→ WHAT THE EXERCISE ASKS
The lines to copy are those holding the string "edges" in the entries below.

═══ MATERIAL SUPPLIED ═══

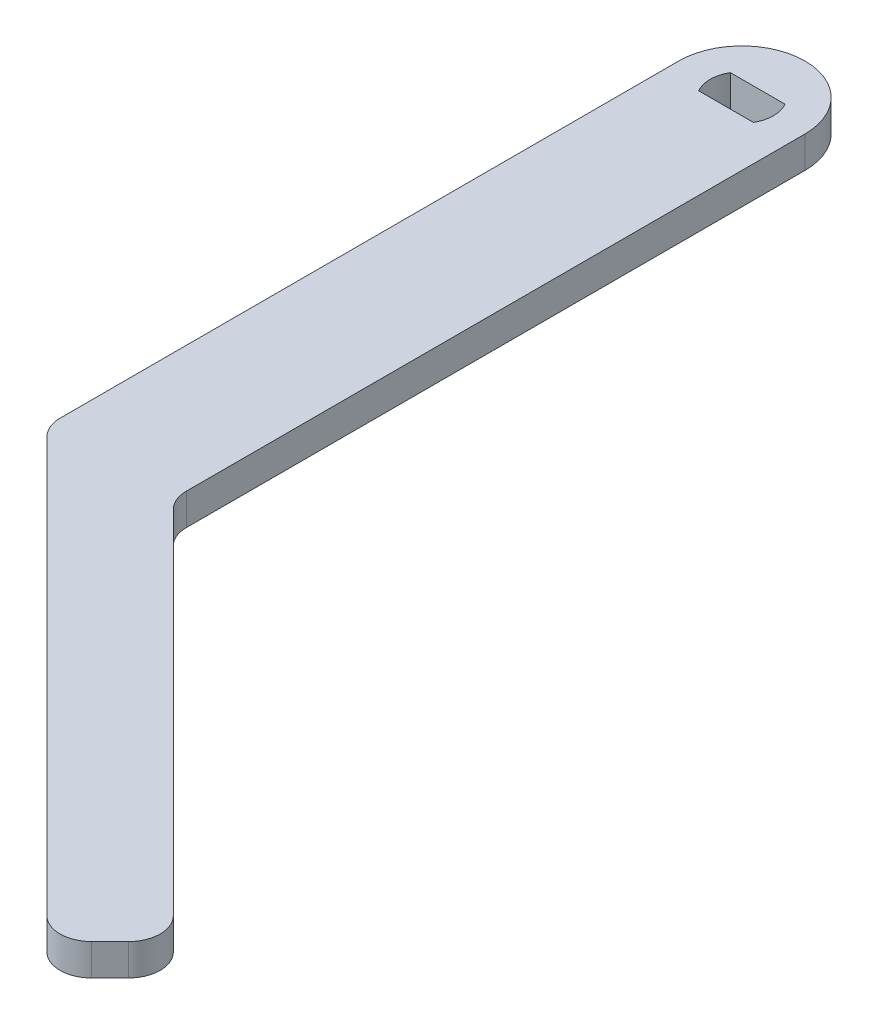
SolidWorks part; units mm, degrees
material "ABS"
ref_plane "Front Plane" through (0, 0, 0) normal (0, 0, 1) x (1, 0, 0)
ref_plane "Top Plane" through (0, 0, 0) normal (0, 1, 0) x (1, 0, 0)
ref_plane "Right Plane" through (0, 0, 0) normal (1, 0, 0) x (0, 0, -1)
sketch "Sketch1" plane through (0, 0, 0) normal (0, 1, 0) x (1, 0, 0)
  circle A0 centre (0, 0) radius 30
  dimension "D1" = 60
extrude "Boss-Extrude1" add sketch "Sketch1" along normal blind 200
sketch "Sketch2" plane through (0, 200, 0) normal (0, 1, 0) x (1, 0, 0)
  circle A0 centre (0, -50) radius 4
  circle A2 centre (0, 0) radius 30 construction
  dimension "D1" = 8
  dimension "D2" = 50
extrude "Boss-Extrude2" add sketch "Sketch2" against normal blind 80 from offset 60 separate body offset against normal yes
sketch "Sketch4" plane through (0, 140, 0) normal (0, 1, 0) x (1, 0, 0)
  line L6 (-2.9328, -47.28) -> (40.9159, 0)
  line L7 (2.9328, -52.72) -> (51.8267, 0)
  line L8 (40.9159, 0) -> (6, 37.6481)
  line L9 (51.8267, 0) -> (11.8657, 43.0881)
  line L10 (6, 37.6481) -> (11.8657, 43.0881)
  circle A0 centre (0, -50) radius 4 construction
  circle A1 centre (0, 0) radius 30 construction
  arc A2 (2.9328, -52.72) -> (-2.9328, -47.28) centre (0, -50) ccw
  dimension "D2" = 6
  dimension "D4" = 8
  dimension "D5" = 8
  dimension "D6" = 8
extrude "Boss-Extrude3" add sketch "Sketch4" against normal blind 10 from offset 10 offset against normal yes
sketch "Sketch5" plane through (0, 60, 0) normal (0, -1, 0) x (1, 0, 0)
  line L0 (6, -37.6481) -> (11.8657, -43.0881) construction
  line L1 (40.9159, 0) -> (6, -37.6481) construction
  line L2 (51.8267, 0) -> (11.8657, -43.0881) construction
  line L3 (2.9328, 52.72) -> (51.8267, 0) construction
  line L4 (-2.9328, 47.28) -> (40.9159, 0) construction
  line L5 (6, -37.6481) -> (11.8657, -43.0881)
  line L6 (40.9159, 0) -> (6, -37.6481)
  line L7 (51.8267, 0) -> (11.8657, -43.0881)
  line L8 (2.9328, 52.72) -> (51.8267, 0)
  line L9 (-2.9328, 47.28) -> (40.9159, 0)
  arc A0 (-2.9328, 47.28) -> (2.9328, 52.72) centre (0, 50) ccw construction
  arc A1 (-2.9328, 47.28) -> (2.9328, 52.72) centre (0, 50) ccw
extrude "Boss-Extrude4" add sketch "Sketch5" against normal blind 10 from offset 10 offset against normal yes
sketch "Sketch7" plane through (0, 140, 0) normal (0, 1, 0) x (1, 0, 0)
  circle A0 centre (0, -50) radius 4
extrude "Cut-Extrude1" cut sketch "Sketch7" against normal blind 12 from offset 34 offset against normal yes
sketch "Sketch8" plane through (0, 140, 0) normal (0, 1, 0) x (1, 0, 0)
  circle A0 centre (0, -50) radius 2
  dimension "D1" = 4
extrude "Cut-Extrude2" cut sketch "Sketch8" against normal blind 70
sketch "Sketch9" plane through (0, 140, 0) normal (0, 1, 0) x (1, 0, 0)
  circle A0 centre (0, -50) radius 2
extrude "Boss-Extrude6" add sketch "Sketch9" against normal blind 70 from offset 0.1
sketch "Sketch11" plane through (0, 140.1, 0) normal (0, 1, 0) x (1, 0, 0)
  line L0 (-0.975, -51.7462) -> (-0.975, -48.2538)
  line L1 (0.975, -48.2538) -> (0.975, -51.7462)
  circle A0 centre (0, -50) radius 2 construction
  circle A1 centre (0, -50) radius 2 construction
  arc A2 (-0.975, -48.2538) -> (-0.975, -51.7462) centre (0, -50) ccw
  arc A3 (0.975, -48.2538) -> (0.975, -51.7462) centre (0, -50) cw
  dimension "D3" = 2
  dimension "D4" = 2
  dimension "D1" = 1.95
  dimension "D2" = 0.975
extrude "Cut-Extrude4" cut sketch "Sketch11" against normal blind 35 from offset 30 offset against normal yes
sketch "Sketch12" plane through (0, 140.1, 0) normal (0, 1, 0) x (1, 0, 0)
  line L1 (-0.5, -48.8) -> (0.5, -48.8)
  line L2 (-0.5, -48.8) -> (-0.5, -51.2)
  line L3 (-0.5, -51.2) -> (0.5, -51.2)
  line L4 (0.5, -48.8) -> (0.5, -51.2)
  dimension "D1" = 0.5
  dimension "D2" = 0.5
  dimension "D3" = 1.2
  dimension "D4" = 2.4
extrude "Cut-Extrude5" cut sketch "Sketch12" against normal blind 20
sketch "Sketch14" plane through (0, 200, 0) normal (0, 1, 0) x (1, 0, 0)
  circle A0 centre (0, 0) radius 30
extrude "Cut-Extrude6" cut sketch "Sketch14" against normal blind 200
sketch "Sketch15" plane through (0, 140, 0) normal (0, 1, 0) x (1, 0, 0)
  circle A0 centre (0, -50) radius 2
extrude "Cut-Extrude7" cut sketch "Sketch15" against normal blind 70 and the other way blind 200
sketch "Sketch18" plane through (0, 130, 0) normal (0, 1, 0) x (1, 0, 0)
  line L5 (2.9328, -52.72) -> (51.8267, 0)
  line L6 (51.8267, 0) -> (11.8657, 43.0881)
  line L7 (11.8657, 43.0881) -> (6, 37.6481)
  line L8 (6, 37.6481) -> (40.9159, 0)
  line L9 (40.9159, 0) -> (-2.9328, -47.28)
  line L10 (2.9328, -52.72) -> (51.8267, 0)
  line L11 (51.8267, 0) -> (11.8657, 43.0881)
  line L12 (11.8657, 43.0881) -> (6, 37.6481)
  line L13 (6, 37.6481) -> (40.9159, 0)
  line L14 (40.9159, 0) -> (-2.9328, -47.28)
  arc A1 (2.9328, -52.72) -> (-2.9328, -47.28) centre (0, -50) ccw
  arc A2 (2.9328, -52.72) -> (-2.9328, -47.28) centre (0, -50) ccw
  dimension "D1" = 0
extrude "Cut-Extrude9" cut sketch "Sketch18" against normal blind 5
sketch "Sketch20" plane through (0, 125, 0) normal (0, 1, 0) x (1, 0, 0)
  line L5 (2.9328, -52.72) -> (51.8267, 0)
  line L6 (51.8267, 0) -> (11.8657, 43.0881)
  line L7 (11.8657, 43.0881) -> (6, 37.6481)
  line L8 (6, 37.6481) -> (40.9159, 0)
  line L9 (40.9159, 0) -> (-2.9328, -47.28)
  line L10 (2.9328, -52.72) -> (51.8267, 0)
  line L11 (51.8267, 0) -> (11.8657, 43.0881)
  line L12 (11.8657, 43.0881) -> (6, 37.6481)
  line L13 (6, 37.6481) -> (40.9159, 0)
  line L14 (40.9159, 0) -> (-2.9328, -47.28)
  arc A1 (2.9328, -52.72) -> (-2.9328, -47.28) centre (0, -50) ccw
  arc A2 (2.9328, -52.72) -> (-2.9328, -47.28) centre (0, -50) ccw
  dimension "D1" = 0
extrude "Cut-Extrude10" cut sketch "Sketch20" against normal blind 5
ref_plane "Plane1" through (0, 100, 0) normal (0, 1, 0) x (1, 0, 0)
sketch "Sketch22" plane through (0, 80, 0) normal (0, 1, 0) x (1, 0, 0)
  line L6 (6, 37.6481) -> (40.9159, 0)
  line L7 (40.9159, 0) -> (-2.9328, -47.28)
  line L8 (2.9328, -52.72) -> (51.8267, 0)
  line L9 (51.8267, 0) -> (11.8657, 43.0881)
  line L10 (11.8657, 43.0881) -> (6, 37.6481)
  line L11 (6, 37.6481) -> (40.9159, 0)
  line L12 (40.9159, 0) -> (-2.9328, -47.28)
  line L13 (2.9328, -52.72) -> (51.8267, 0)
  line L14 (51.8267, 0) -> (11.8657, 43.0881)
  line L15 (11.8657, 43.0881) -> (6, 37.6481)
  arc A1 (2.9328, -52.72) -> (-2.9328, -47.28) centre (0, -50) ccw
  arc A2 (2.9328, -52.72) -> (-2.9328, -47.28) centre (0, -50) ccw
  dimension "D1" = 0
extrude "Cut-Extrude11" cut sketch "Sketch22" against normal blind 10
sketch "Sketch24" plane through (0, 60, 0) normal (0, -1, 0) x (1, 0, 0)
  circle A0 centre (0, 50) radius 4 construction
  circle A1 centre (0, 50) radius 4
extrude "Cut-Extrude12" cut sketch "Sketch24" against normal blind 10
sketch "Sketch25" plane through (0, 140, 0) normal (0, 1, 0) x (1, 0, 0)
  circle A0 centre (0, -50) radius 4 construction
  circle A1 centre (0, -50) radius 4
extrude "Cut-Extrude13" cut sketch "Sketch25" against normal blind 10
fillet "Fillet10" radius 2 1 edges at (0, 130, 52)
sketch "Sketch28" plane through (0, 70, 0) normal (0, -1, 0) x (1, 0, 0)
  line L1 (-7.7664, 66.8906) -> (11.2683, 66.8906)
  line L2 (-7.7664, 66.8906) -> (-7.7664, 36.4785)
  line L3 (-7.7664, 36.4785) -> (11.2683, 36.4785)
  line L4 (11.2683, 66.8906) -> (11.2683, 36.4785)
extrude "Cut-Extrude14" cut sketch "Sketch28" against normal blind 30
sketch "Sketch30" plane through (0, 106, 0) normal (0, -1, 0) x (1, 0, 0)
  line L1 (-4, 50) -> (4, 50)
  line L2 (-4, 50) -> (-4, 90)
  line L4 (4, 50) -> (4, 90)
  line L9 (-4, 90) -> (4, 90)
  line L10 (-4, 90) -> (24.2843, 118.2843)
  line L11 (4, 90) -> (28.2843, 114.2843)
  line L12 (24.2843, 118.2843) -> (28.2843, 114.2843)
  circle A0 centre (0, 50) radius 4 construction
  dimension "D1" = 8
  dimension "D2" = 40
  dimension "D3" = 135
  dimension "D4" = 40
extrude "Boss-Extrude7" add sketch "Sketch30" along normal blind 2 from offset 15 contours L12 L10 L9 L11 | L9 L4 L1 L2 region at (13.066, 106, 103.1675) offset against normal yes
sketch "Sketch31" plane through (0, 106, 0) normal (0, -1, 0) x (1, 0, 0)
  line L1 (-11.9647, 54.8867) -> (12.9558, 54.8867)
  line L2 (-11.9647, 54.8867) -> (-11.9647, 44.889)
  line L3 (-11.9647, 44.889) -> (12.9558, 44.889)
  line L4 (12.9558, 54.8867) -> (12.9558, 44.889)
extrude "Cut-Extrude15" cut sketch "Sketch31" against normal blind 6
sketch "Sketch32" plane through (0, 112, 0) normal (0, -1, 0) x (1, 0, 0)
  arc A0 (2, 50) -> (-2, 50) centre (0, 50) ccw construction
  circle A1 centre (0, 50) radius 4 construction
  circle A2 centre (0, 50) radius 2 construction
  circle A3 centre (0, 50) radius 4
  circle A4 centre (0, 50) radius 2
  arc A5 (2, 50) -> (-2, 50) centre (0, 50) ccw
  circle M1 centre (0, 50) radius 4
  circle M2 centre (0, 50) radius 2
extrude "Boss-Extrude8" add sketch "Sketch32" along normal blind 6 from offset 3 separate body contours A4 M1 M2 region at (-3.8869, 112, 50)
sketch "Sketch33" plane through (0, 103, 0) normal (0, -1, 0) x (1, 0, 0)
  line L0 (-2, 50) -> (2, 50) construction
  circle A0 centre (0, 50) radius 2
extrude "Boss-Extrude9" add sketch "Sketch33" against normal blind 2
sketch "Sketch34" plane through (0, 103, 0) normal (0, -1, 0) x (1, 0, 0)
  line L0 (4, 50) -> (4, 90) construction
  line L1 (4, 90) -> (28.2843, 114.2843) construction
  line L2 (24.2843, 118.2843) -> (28.2843, 114.2843) construction
  line L3 (-4, 90) -> (24.2843, 118.2843) construction
  line L4 (-4, 50) -> (-4, 90) construction
  line L5 (4, 50) -> (4, 90)
  line L6 (4, 90) -> (28.2843, 114.2843)
  line L7 (24.2843, 118.2843) -> (28.2843, 114.2843)
  line L8 (-4, 90) -> (24.2843, 118.2843)
  line L9 (-4, 50) -> (-4, 90)
  circle M1 centre (0, 50) radius 4
extrude "Boss-Extrude10" add sketch "Sketch34" against normal blind 2 contours L9 L5 L6 L7 L8 M1 region at (0, 103, 54.7553)
sketch "Sketch35" plane through (0, 121, 0) normal (0, 1, 0) x (1, 0, 0)
  line L0 (-2, -50) -> (2, -50) construction
  circle A0 centre (0, -50) radius 2
extrude "Cut-Extrude16" cut sketch "Sketch35" against normal blind 2
sketch "Sketch36" plane through (0, 119, 0) normal (0, -1, 0) x (1, 0, 0)
  line L0 (24.2843, 118.2843) -> (28.2843, 114.2843) construction
  line L1 (-4, 50) -> (-4, 90) construction
  line L2 (-4, 90) -> (24.2843, 118.2843) construction
  circle A0 centre (0, 71) radius 1.5
  circle A1 centre (12.9706, 101.3137) radius 1.5
  arc A2 (-4, 50) -> (4, 50) centre (0, 50) ccw construction
  point P9 (0, 46)
  dimension "D1" = 3
  dimension "D2" = 3
  dimension "D5" = 4
  dimension "D6" = 4
  dimension "D3" = 20
  dimension "D4" = 25
extrude "Boss-Extrude11" add sketch "Sketch36" along normal blind 14
fillet "Fillet11" radius 2 11 edges at (0, 105, 54) (0, 119, 54) (0, 121, 54) (-4, 120, 90) (-4, 104, 90) (4, 104, 90) (4, 120, 90) (28.2843, 104, 114.2843) (24.2843, 104, 118.2843) (24.2843, 120, 118.2843) (28.2843, 120, 114.2843)
sketch "Sketch37" plane through (0, 105, 0) normal (0, 1, 0) x (1, 0, 0)
  line L1 (-32.8189, -37.5227) -> (61.8772, -37.5227)
  line L2 (-32.8189, -37.5227) -> (-32.8189, -135.9083)
  line L3 (-32.8189, -135.9083) -> (61.8772, -135.9083)
  line L4 (61.8772, -37.5227) -> (61.8772, -135.9083)
extrude "Cut-Extrude17" cut sketch "Sketch37" along normal blind 30
sketch "Sketch38" plane through (0, 105, 0) normal (0, 1, 0) x (1, 0, 0)
  line L0 (-1.7321, -49) -> (1.7321, -49)
  line L1 (1.7321, -51) -> (-1.7321, -51)
  circle A1 centre (0, -50) radius 2
  point P7 (0, 0)
  point P8 (0, 0)
  dimension "D1" = 4
  dimension "D2" = 2
extrude "Cut-Extrude18" cut sketch "Sketch38" against normal blind 30 contours L1 A1 L0 region at (0, 105, 50)

═══

→ OUTPUT OF THE TASK
fillet "Fillet10" radius 2 1 edges at (0, 130, 52)
fillet "Fillet11" radius 2 11 edges at (0, 105, 54) (0, 119, 54) (0, 121, 54) (-4, 120, 90) (-4, 104, 90) (4, 104, 90) (4, 120, 90) (28.2843, 104, 114.2843) (24.2843, 104, 118.2843) (24.2843, 120, 118.2843) (28.2843, 120, 114.2843)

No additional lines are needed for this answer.